Mr. Aduba sharply disputed the elevated death toll reported by others, saying that the police could confirm only 109 deaths.
But a Nigerian Red Cross official in Jos, Adeyemo Adebayo, deputy head of disaster management, said that the number of dead was “possibly” even greater than the 332 buried in the mass grave, since many fled into the bush and could have been cut down there by their attackers. A respected Nigerian human rights group, the Civil Rights Congress, said Monday that its members had counted 492 bodies.
Their attackers had come on foot from nearby villages and had made no preparations for a getaway, said Adebola Hamzat, chief superintendent of the Jos police. “Many of them were still running around,” he said, when they were picked up by the security forces. And many were carrying “cutlasses” — long lethal-looking knives that the police produced for visitors on Wednesday — still stained with blood, he said.
“The person was coming toward me; I killed him with a cutlass,” said the young man next to Mr. Adamu, Zakaria Yakubu, 20, insisting that he was defending a fellow Fulani who had been shot. His victim “did not die right away,” Mr. Yakubu said. “When we got to Dogo Na Hawa, we were just looking for our cattle.” He was clutching some bread distributed by the Red Cross.
Next to him, Ibrahim Harouna, also 20, would say only that he had “killed some of the people’s pigs,” though the police said he was also suspected of having taken part in the killings.
On Wednesday, the mood in Jos was tense among Muslim traders, who complained of a sharp drop in business, and it was anything but forgiving among Christians.
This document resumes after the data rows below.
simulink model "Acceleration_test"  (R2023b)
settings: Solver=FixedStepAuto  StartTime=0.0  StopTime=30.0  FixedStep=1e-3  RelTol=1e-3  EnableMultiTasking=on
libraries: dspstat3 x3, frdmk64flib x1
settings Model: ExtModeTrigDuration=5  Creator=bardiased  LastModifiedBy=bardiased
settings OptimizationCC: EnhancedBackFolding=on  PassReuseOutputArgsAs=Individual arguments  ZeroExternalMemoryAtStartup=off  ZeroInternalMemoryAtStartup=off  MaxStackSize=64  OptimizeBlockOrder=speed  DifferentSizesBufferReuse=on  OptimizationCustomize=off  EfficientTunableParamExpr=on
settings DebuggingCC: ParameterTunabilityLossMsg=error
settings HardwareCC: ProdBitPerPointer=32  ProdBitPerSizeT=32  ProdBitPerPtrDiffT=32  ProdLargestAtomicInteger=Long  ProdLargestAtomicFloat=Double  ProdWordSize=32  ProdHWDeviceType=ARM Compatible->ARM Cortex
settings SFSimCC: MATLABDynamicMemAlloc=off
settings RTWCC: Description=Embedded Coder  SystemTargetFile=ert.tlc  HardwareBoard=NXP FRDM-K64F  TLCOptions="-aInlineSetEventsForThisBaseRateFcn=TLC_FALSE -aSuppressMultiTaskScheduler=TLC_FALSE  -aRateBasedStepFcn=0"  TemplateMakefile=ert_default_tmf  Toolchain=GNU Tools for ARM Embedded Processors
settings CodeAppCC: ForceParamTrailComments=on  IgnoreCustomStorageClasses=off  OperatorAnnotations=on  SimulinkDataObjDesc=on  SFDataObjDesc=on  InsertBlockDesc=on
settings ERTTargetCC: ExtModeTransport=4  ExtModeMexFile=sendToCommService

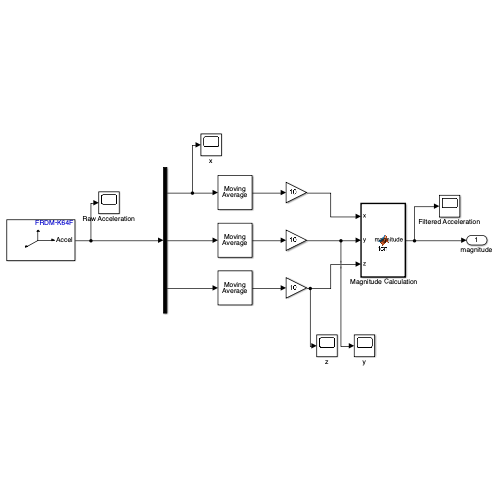
[thumbnail: Simulink's stored preview of the top-level diagram]
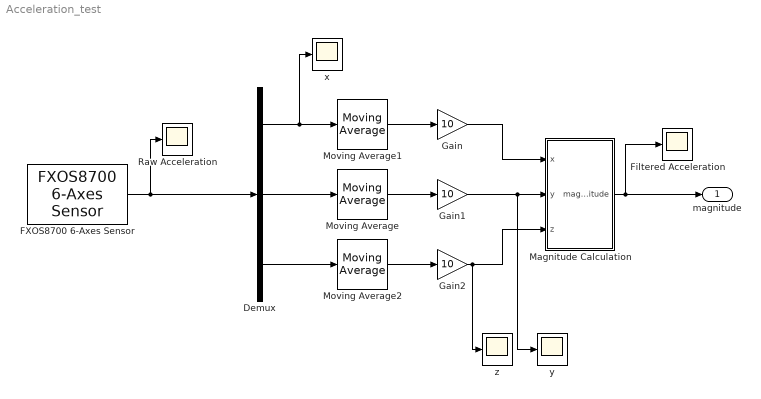
== system Acceleration_test ==
  " Magnitude Calculation" : MATLAB Function  TreatAsAtomicUnit=on
  Demux : Demux  Outputs=3
  FXOS8700 6-Axes Sensor : frdmk64flib/FXOS8700 6-Axes Sensor  Activesensor=Accelerometer only  ODR=800Hz  HybridODR=400Hz  Accelfullrange=-4g to +4g  SampleTime=-1
  Filtered Acceleration : Scope
  Gain : Gain  Gain=10
  Gain1 : Gain  Gain=10
  Gain2 : Gain  Gain=10
  Moving Average : dspstat3/Moving Average  Method=Sliding window  ForgettingFactorPort=off  SpecifyWindowLength=on  WindowLength=4  OverlapLength=3  AllowArbitraryInputLength=off  ForgettingFactor=0.9  SimulateUsing=Code generation
  Moving Average1 : dspstat3/Moving Average  Method=Sliding window  ForgettingFactorPort=off  SpecifyWindowLength=on  WindowLength=4  OverlapLength=3  AllowArbitraryInputLength=off  ForgettingFactor=0.9  SimulateUsing=Code generation
  Moving Average2 : dspstat3/Moving Average  Method=Sliding window  ForgettingFactorPort=off  SpecifyWindowLength=on  WindowLength=4  OverlapLength=3  AllowArbitraryInputLength=off  ForgettingFactor=0.9  SimulateUsing=Code generation
  Raw Acceleration : Scope
  x : Scope
  y : Scope
  z : Scope
  magnitude : Outport
  wires:
  Demux/2 -> Moving Average/1
  " Magnitude Calculation"/1(magnitude) -> Filtered Acceleration/1, magnitude/1
  Demux/3 -> Moving Average2/1
  Gain2/1 -> z/1, " Magnitude Calculation"/3(z)
  Gain/1 -> " Magnitude Calculation"/1(x)
  Moving Average1/1 -> Gain/1
  Demux/1 -> x/1, Moving Average1/1
  Gain1/1 -> y/1, " Magnitude Calculation"/2(y)
  Moving Average/1 -> Gain1/1
  FXOS8700 6-Axes Sensor/1 -> Raw Acceleration/1, Demux/1
  Moving Average2/1 -> Gain2/1

== matlab function Acceleration_test/ Magnitude Calculation ==
  data: magnitude output; x input; y input; z input
function magnitude = fcn(x, y, z)
    magnitude = sqrt(x.^2 + y.^2 + z.^2);
end

They complained that Muslims wanted to supplant “indigenes” — Christians long native to the region.
“Some people want to be rulers everywhere,” said Yohanna Yatou, a businessman. “It’s the Muslims. They said they are born to rule.” Williams Danladi said that Muslims “believe that if they die during this war, they will go to heaven.”
“We Christians, we don’t believe this,” he said.
Others expressed puzzlement and exasperation with the never-ending conflict. “This is a Christian, an indigene,” said Moussa Ismail, pointing to his friend sitting next to him on a downtown stoop, Jacob Ayuba. “We have done business for more than 20 years. How would I attack him?”